Uh, from what I can tell, the site is just a niche gallery of airplane pics. They don't appear to be selling them, or publishing them in any way different than adding your images to a Flickr Group. I wouldn't be concerned about legal issues, or payment, as long as you realise you are just sharing photos to a niche group, and that they are at least crediting you as the author. What more can you ask for from a "fan page"?


----------



## altitude604 (Jan 17, 2011)

Bitter Jeweler said:


> Uh, from what I can tell, the site is just a niche gallery of airplane pics. They don't appear to be selling them, or publishing them in any way different than adding your images to a Flickr Group. I wouldn't be concerned about legal issues, or payment, as long as you realise you are just sharing photos to a niche group, and that they are at least crediting you as the author. What more can you ask for from a "fan page"?


 
yeah, it is a niche site but they sell calendars etc from the site too.

i'm mainly just happy to get credit and recognized for what i do. 

just wanted to make sure that there wasn't anything i should be aware of to protect my images when submitting them to these folks.


----------



## bigtwinky (Jan 17, 2011)

altitude604 said:


> yeah, it is a niche site but they sell calendars etc from the site too.
> 
> i'm mainly just happy to get credit and recognized for what i do.


 
Sorry to say, but this is the type of attitude that is pretty much hurting the photography world as a whole.  If it was just a display site, sure, whatever.  But if they are using your images for profit (ie selling calendars) than you should be paid.

Companies like this will go around and find people on flickr or other photo sharing sites and essentially get free images to use because people are "happy with only getting credit".  Saves them money from having to pay for images, and hurting working photographers as a whole.
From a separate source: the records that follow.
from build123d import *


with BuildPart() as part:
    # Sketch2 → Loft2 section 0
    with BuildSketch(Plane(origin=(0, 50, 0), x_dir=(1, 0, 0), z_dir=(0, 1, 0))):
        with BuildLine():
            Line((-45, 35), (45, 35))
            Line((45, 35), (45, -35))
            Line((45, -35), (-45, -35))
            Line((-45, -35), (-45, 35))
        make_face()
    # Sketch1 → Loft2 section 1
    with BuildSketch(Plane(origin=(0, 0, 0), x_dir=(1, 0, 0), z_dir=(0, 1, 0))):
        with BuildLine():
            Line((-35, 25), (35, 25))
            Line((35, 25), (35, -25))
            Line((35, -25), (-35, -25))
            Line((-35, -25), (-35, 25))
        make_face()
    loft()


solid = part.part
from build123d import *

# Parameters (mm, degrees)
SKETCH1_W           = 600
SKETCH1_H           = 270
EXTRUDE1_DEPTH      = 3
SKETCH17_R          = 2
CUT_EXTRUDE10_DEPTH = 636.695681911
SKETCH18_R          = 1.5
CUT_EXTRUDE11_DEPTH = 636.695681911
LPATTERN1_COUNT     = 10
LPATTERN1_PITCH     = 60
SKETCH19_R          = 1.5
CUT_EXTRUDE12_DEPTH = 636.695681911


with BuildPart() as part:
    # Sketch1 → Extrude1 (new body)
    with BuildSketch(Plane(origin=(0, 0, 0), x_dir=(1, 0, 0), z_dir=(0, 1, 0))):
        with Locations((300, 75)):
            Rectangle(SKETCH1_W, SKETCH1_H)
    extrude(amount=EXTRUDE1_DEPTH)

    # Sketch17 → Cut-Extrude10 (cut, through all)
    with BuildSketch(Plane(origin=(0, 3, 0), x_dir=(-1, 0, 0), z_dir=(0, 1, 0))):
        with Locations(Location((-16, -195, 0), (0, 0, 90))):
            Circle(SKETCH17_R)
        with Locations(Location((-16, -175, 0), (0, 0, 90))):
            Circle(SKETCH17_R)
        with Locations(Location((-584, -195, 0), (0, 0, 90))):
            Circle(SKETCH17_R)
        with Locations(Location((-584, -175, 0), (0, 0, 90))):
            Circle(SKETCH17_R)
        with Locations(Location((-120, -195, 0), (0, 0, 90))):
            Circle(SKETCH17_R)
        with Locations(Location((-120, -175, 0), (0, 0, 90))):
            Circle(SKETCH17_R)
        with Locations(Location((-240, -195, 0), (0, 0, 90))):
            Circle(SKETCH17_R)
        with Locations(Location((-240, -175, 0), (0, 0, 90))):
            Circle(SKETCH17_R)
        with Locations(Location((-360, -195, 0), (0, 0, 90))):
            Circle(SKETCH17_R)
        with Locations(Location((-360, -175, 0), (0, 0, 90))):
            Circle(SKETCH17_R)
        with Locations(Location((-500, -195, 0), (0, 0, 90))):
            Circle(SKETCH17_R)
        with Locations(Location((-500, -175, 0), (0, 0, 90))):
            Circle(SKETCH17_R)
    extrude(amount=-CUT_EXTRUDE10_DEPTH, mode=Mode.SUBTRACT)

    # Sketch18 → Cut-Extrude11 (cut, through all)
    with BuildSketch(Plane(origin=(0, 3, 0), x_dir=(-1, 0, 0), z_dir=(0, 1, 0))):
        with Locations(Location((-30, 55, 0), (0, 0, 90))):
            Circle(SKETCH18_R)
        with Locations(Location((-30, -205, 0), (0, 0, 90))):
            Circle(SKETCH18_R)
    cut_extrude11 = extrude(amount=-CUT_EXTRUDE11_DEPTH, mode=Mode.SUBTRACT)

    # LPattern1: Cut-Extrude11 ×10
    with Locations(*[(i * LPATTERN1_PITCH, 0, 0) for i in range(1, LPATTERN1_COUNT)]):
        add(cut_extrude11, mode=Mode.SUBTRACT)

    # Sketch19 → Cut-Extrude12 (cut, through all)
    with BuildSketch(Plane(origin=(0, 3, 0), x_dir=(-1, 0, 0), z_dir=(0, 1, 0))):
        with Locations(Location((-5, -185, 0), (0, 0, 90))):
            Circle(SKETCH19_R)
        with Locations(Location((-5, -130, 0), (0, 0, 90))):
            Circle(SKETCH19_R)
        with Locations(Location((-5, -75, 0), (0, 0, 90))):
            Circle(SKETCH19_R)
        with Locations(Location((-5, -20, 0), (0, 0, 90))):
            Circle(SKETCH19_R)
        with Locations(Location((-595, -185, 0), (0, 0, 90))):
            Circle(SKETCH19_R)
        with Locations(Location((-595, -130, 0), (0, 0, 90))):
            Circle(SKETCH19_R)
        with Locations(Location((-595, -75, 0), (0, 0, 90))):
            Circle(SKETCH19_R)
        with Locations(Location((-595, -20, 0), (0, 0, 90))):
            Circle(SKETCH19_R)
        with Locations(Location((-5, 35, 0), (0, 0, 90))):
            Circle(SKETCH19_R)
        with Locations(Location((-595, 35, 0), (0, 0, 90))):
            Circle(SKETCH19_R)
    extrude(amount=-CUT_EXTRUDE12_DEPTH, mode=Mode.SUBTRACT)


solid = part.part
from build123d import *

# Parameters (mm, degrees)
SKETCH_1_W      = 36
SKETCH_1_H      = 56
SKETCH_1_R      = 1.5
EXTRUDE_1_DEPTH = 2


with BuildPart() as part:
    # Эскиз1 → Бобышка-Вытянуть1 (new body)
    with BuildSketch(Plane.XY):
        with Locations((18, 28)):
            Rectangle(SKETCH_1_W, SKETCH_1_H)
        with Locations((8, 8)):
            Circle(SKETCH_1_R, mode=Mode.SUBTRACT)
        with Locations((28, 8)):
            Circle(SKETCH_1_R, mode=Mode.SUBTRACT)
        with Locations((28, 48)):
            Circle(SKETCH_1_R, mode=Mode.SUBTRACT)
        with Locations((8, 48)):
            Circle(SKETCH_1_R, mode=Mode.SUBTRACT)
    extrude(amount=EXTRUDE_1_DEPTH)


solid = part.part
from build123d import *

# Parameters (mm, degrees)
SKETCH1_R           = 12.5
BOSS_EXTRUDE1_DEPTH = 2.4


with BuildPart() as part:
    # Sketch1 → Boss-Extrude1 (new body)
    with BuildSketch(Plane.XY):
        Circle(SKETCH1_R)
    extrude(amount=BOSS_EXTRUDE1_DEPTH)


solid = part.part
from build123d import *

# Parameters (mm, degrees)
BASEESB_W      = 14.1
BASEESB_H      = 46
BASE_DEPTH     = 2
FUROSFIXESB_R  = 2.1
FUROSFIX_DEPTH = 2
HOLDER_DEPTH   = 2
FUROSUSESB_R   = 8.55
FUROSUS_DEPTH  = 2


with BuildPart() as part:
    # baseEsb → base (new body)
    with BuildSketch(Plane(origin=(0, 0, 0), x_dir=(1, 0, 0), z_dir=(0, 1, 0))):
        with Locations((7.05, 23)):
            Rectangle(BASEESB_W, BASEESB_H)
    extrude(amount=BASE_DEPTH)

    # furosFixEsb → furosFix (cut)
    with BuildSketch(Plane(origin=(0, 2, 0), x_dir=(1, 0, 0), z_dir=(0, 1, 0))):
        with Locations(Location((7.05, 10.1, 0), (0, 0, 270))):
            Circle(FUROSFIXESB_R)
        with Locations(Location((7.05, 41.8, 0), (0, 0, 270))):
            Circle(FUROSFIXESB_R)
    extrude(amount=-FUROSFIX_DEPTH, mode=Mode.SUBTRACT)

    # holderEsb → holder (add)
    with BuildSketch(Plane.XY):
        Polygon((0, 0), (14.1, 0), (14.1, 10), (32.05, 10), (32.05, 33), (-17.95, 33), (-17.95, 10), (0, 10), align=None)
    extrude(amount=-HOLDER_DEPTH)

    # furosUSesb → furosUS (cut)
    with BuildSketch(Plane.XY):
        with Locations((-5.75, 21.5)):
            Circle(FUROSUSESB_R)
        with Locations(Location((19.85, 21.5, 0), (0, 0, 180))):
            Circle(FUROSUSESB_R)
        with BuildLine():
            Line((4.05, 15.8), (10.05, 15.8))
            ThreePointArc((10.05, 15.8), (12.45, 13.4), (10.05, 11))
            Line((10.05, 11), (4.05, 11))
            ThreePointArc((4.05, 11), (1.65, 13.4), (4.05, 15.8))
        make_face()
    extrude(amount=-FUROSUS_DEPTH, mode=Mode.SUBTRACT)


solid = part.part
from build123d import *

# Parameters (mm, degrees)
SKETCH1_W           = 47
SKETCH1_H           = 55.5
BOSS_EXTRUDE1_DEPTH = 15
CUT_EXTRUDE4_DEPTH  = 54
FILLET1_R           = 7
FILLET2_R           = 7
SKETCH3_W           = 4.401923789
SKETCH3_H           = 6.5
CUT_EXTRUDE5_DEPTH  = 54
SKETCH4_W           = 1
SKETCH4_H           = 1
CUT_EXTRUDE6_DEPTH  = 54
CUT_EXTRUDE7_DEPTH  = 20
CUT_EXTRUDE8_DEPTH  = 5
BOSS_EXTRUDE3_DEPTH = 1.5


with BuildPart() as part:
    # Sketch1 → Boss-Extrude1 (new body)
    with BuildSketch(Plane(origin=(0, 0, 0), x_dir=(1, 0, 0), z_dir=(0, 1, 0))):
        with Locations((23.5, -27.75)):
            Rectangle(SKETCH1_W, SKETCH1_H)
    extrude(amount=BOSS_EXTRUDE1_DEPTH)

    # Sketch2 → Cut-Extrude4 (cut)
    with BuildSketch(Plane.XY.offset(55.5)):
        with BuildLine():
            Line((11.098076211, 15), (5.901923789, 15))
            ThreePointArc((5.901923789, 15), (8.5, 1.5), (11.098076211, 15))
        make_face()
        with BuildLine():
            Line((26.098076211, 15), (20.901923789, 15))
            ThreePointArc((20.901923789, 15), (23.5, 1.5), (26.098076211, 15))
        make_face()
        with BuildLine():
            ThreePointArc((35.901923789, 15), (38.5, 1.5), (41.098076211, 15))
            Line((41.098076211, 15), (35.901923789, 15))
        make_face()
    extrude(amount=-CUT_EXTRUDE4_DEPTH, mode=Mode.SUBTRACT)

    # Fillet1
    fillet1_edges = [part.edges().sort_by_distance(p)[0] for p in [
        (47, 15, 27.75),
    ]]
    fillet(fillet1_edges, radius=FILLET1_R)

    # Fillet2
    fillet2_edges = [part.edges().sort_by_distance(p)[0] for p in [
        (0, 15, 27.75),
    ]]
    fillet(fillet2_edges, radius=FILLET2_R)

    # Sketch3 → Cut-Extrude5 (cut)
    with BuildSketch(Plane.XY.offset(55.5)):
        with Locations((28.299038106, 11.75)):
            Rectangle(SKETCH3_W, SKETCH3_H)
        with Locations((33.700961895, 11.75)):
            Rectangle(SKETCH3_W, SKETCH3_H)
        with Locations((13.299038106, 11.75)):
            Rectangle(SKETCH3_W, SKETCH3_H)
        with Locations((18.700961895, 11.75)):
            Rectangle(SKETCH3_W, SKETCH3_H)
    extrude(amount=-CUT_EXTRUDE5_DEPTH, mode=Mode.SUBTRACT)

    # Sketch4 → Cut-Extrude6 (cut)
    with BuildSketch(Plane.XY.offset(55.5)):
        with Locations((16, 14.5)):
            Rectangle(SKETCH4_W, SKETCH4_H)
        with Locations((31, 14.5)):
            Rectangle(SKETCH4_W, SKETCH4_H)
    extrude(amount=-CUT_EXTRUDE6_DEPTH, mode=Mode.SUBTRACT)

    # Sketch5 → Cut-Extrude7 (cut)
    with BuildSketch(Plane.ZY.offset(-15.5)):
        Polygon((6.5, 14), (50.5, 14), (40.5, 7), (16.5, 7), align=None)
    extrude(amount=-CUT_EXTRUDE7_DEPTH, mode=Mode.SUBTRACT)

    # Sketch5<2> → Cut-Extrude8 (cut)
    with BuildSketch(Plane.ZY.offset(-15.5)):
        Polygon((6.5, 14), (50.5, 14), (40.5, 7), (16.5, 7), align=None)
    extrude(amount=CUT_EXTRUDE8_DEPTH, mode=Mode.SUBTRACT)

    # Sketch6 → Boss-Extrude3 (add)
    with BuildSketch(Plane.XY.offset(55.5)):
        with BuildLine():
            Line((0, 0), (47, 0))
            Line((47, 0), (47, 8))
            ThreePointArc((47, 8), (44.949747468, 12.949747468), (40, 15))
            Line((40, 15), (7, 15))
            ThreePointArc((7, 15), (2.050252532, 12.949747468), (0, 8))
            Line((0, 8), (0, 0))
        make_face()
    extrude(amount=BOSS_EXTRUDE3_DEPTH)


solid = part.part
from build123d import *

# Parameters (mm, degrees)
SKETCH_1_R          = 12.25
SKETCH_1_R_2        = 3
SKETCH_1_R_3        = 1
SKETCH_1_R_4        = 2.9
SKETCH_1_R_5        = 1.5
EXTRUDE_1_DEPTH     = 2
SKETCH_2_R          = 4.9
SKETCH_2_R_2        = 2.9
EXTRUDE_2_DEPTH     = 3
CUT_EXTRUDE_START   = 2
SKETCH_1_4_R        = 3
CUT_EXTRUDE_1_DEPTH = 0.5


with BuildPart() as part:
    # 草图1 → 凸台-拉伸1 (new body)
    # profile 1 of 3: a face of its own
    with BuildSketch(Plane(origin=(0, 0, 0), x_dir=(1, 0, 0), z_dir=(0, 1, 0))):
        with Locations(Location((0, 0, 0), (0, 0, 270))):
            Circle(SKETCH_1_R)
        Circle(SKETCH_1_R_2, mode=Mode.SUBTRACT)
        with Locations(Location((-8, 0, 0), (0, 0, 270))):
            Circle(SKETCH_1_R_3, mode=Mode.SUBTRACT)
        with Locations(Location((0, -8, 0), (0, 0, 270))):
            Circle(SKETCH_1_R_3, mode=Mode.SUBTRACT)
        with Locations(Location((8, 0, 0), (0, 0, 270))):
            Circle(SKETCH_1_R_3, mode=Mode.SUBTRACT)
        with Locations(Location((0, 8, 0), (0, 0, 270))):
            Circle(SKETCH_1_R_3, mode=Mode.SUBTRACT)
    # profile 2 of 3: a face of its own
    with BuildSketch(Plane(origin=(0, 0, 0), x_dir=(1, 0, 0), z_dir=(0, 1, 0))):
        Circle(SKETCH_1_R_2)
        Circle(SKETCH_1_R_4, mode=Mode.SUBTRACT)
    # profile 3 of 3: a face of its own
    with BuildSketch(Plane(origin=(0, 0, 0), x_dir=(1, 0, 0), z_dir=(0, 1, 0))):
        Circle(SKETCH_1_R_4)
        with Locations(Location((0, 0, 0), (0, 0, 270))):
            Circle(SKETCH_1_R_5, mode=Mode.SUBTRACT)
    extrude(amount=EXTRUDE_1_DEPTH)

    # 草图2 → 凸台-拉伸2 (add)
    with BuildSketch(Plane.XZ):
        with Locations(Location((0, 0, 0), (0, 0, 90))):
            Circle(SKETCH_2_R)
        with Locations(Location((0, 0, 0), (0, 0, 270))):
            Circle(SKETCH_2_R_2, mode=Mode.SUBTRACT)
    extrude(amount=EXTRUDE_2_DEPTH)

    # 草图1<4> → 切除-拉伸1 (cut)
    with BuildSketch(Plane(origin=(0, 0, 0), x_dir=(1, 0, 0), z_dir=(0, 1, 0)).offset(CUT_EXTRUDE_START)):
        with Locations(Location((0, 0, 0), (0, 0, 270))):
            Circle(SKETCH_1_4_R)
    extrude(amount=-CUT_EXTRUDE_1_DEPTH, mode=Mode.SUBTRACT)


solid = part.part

While the digital photo world has changed how and who takes pictures, it has alot of negatives (no pun intended, well, kinda, not really).  

I know, if you are a working pro with quality work, then you shouldnt be worried about adhoc things like this, but again, this is what hurts the industry as a whole.

:meh:


----------



## ghache (Jan 17, 2011)

If you value your work, The "Rather get published than nothing" doesnt work.
Especially if they will be making money on your head.

I wouldnt mind giving away pictures for non lucrative organisation that i care for but anything else, they will pay or they get nothing.


----------



## bigtwinky (Jan 17, 2011)

ghache said:


> I wouldnt mind giving away pictures for non lucrative organisation that i care for but anything else, they will pay or they get nothing.


 
Payment can be in many ways.

I took a chance a few months ago and did some free work for a friend's band.   I shot live shots of them and gave them a usage right to only display on facebook and social media, not to be used for albums or flyers.  If they wanted use for anything that brings them in actual money, we rediscuss.   They were cool with that.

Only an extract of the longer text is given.